→ About this exercise
Word for word, repeat the lines of the records from the first line up to and including the line that contains "plane 100 thin", passing over any pictures.

[Data extracted from a collection]
┏━━
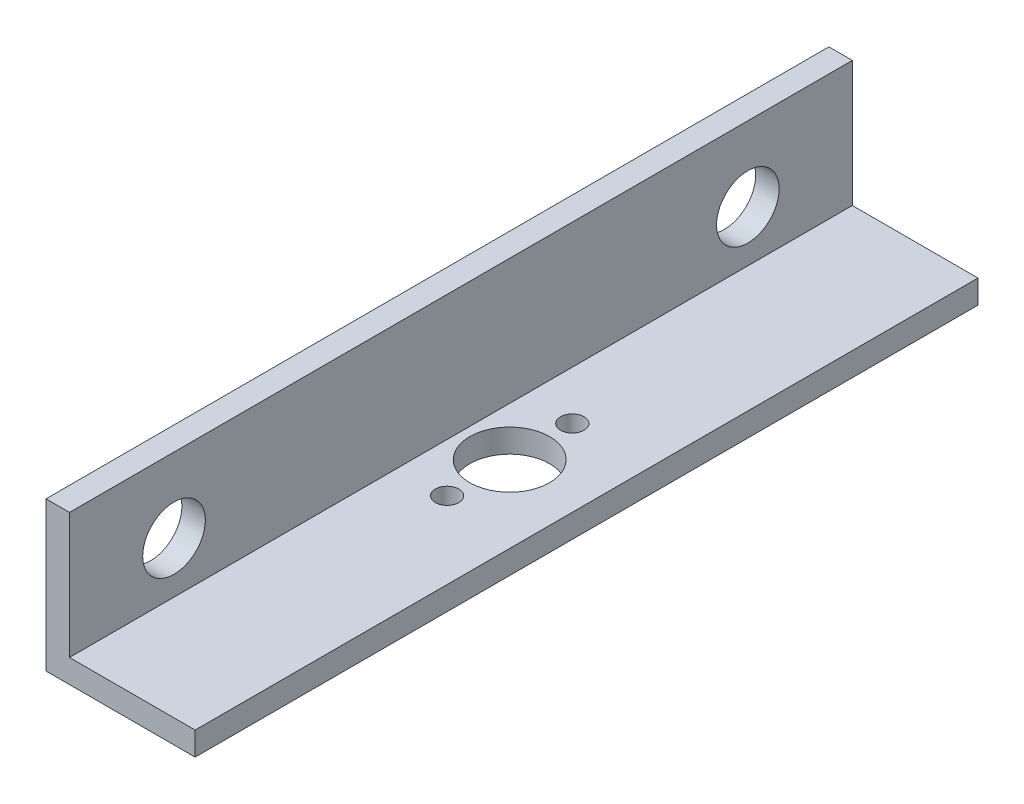
SolidWorks part; units mm, degrees
material "6061-T4 (SS)"
ref_plane "Front Plane" through (0, 0, 0) normal (0, 0, 1) x (1, 0, 0)
ref_plane "Top Plane" through (0, 0, 0) normal (0, 1, 0) x (1, 0, 0)
ref_plane "Right Plane" through (0, 0, 0) normal (1, 0, 0) x (0, 0, -1)
sketch "Sketch1" plane through (0, 0, 0) normal (0, 0, 1) x (1, 0, 0)
  line L0 (0, 0) -> (0, 19.05)
  line L2 (19.05, 0) -> (0, 0)
  dimension "D1" = 19.05
  dimension "D2" = 19.05
extrude "Extrude-Thin1" add sketch "Sketch1" along normal mid plane 100 thin
sketch "Sketch4" plane through (0, 0, 0) normal (-1, 0, 0) x (0, 0, 1)
  line L0 (0, 0) -> (0, 19.05) construction
  line L1 (50, 19.05) -> (-50, 19.05) construction
  line L2 (-36.65, 9.525) -> (36.65, 9.525) construction
  circle A0 centre (-36.65, 9.525) radius 4
  circle A1 centre (36.65, 9.525) radius 4
  point P9 (0, 9.525)
  dimension "D1" = 73.3
  dimension "D2" = 8
extrude "Cut-Extrude2" cut sketch "Sketch4" against normal up to next
sketch "Sketch3" plane through (0, 0, 0) normal (0, -1, 0) x (1, 0, 0)
  line L0 (9.23, 50) -> (9.23, -50) construction
  line L3 (19.05, 0) -> (0, 0) construction
  line L4 (19.05, 50) -> (19.05, -50) construction
  line L7 (0, 50) -> (0, -50) construction
  line L8 (19.05, 50) -> (0, 50) construction
  line L10 (19.05, -50) -> (0, -50) construction
  circle A0 centre (9.23, 0) radius 8 construction
  circle A1 centre (9.23, 0) radius 5.1
  circle A3 centre (9.23, -8) radius 1.5
  circle A5 centre (9.23, 8) radius 1.5
  point P2 (9.525, 50)
  point P3 (9.525, -50)
  point P4 (0, 0)
  point P5 (9.525, -41.6118)
  point P7 (9.525, 8)
  point P10 (0, 0)
  point P18 (0, 0)
  point P19 (0, 0)
  point P22 (9.525, -43.9682)
  point P25 (9.23, 50)
  point P28 (9.23, -50)
  point P31 (0, 0)
  point P32 (9.23, 0)
  dimension "D1" = 16
  dimension "D2" = 10.2
  dimension "D3" = 3
  dimension "D4" = 9.23
extrude "Cut-Extrude1" cut sketch "Sketch3" against normal up to surface (3 mm away) up to face at (11.025, 3, 0)
┗━━
→ Written solution
SolidWorks part; units mm, degrees
material "6061-T4 (SS)"
ref_plane "Front Plane" through (0, 0, 0) normal (0, 0, 1) x (1, 0, 0)
ref_plane "Top Plane" through (0, 0, 0) normal (0, 1, 0) x (1, 0, 0)
ref_plane "Right Plane" through (0, 0, 0) normal (1, 0, 0) x (0, 0, -1)
sketch "Sketch1" plane through (0, 0, 0) normal (0, 0, 1) x (1, 0, 0)
  line L0 (0, 0) -> (0, 19.05)
  line L2 (19.05, 0) -> (0, 0)
  dimension "D1" = 19.05
  dimension "D2" = 19.05
extrude "Extrude-Thin1" add sketch "Sketch1" along normal mid plane 100 thin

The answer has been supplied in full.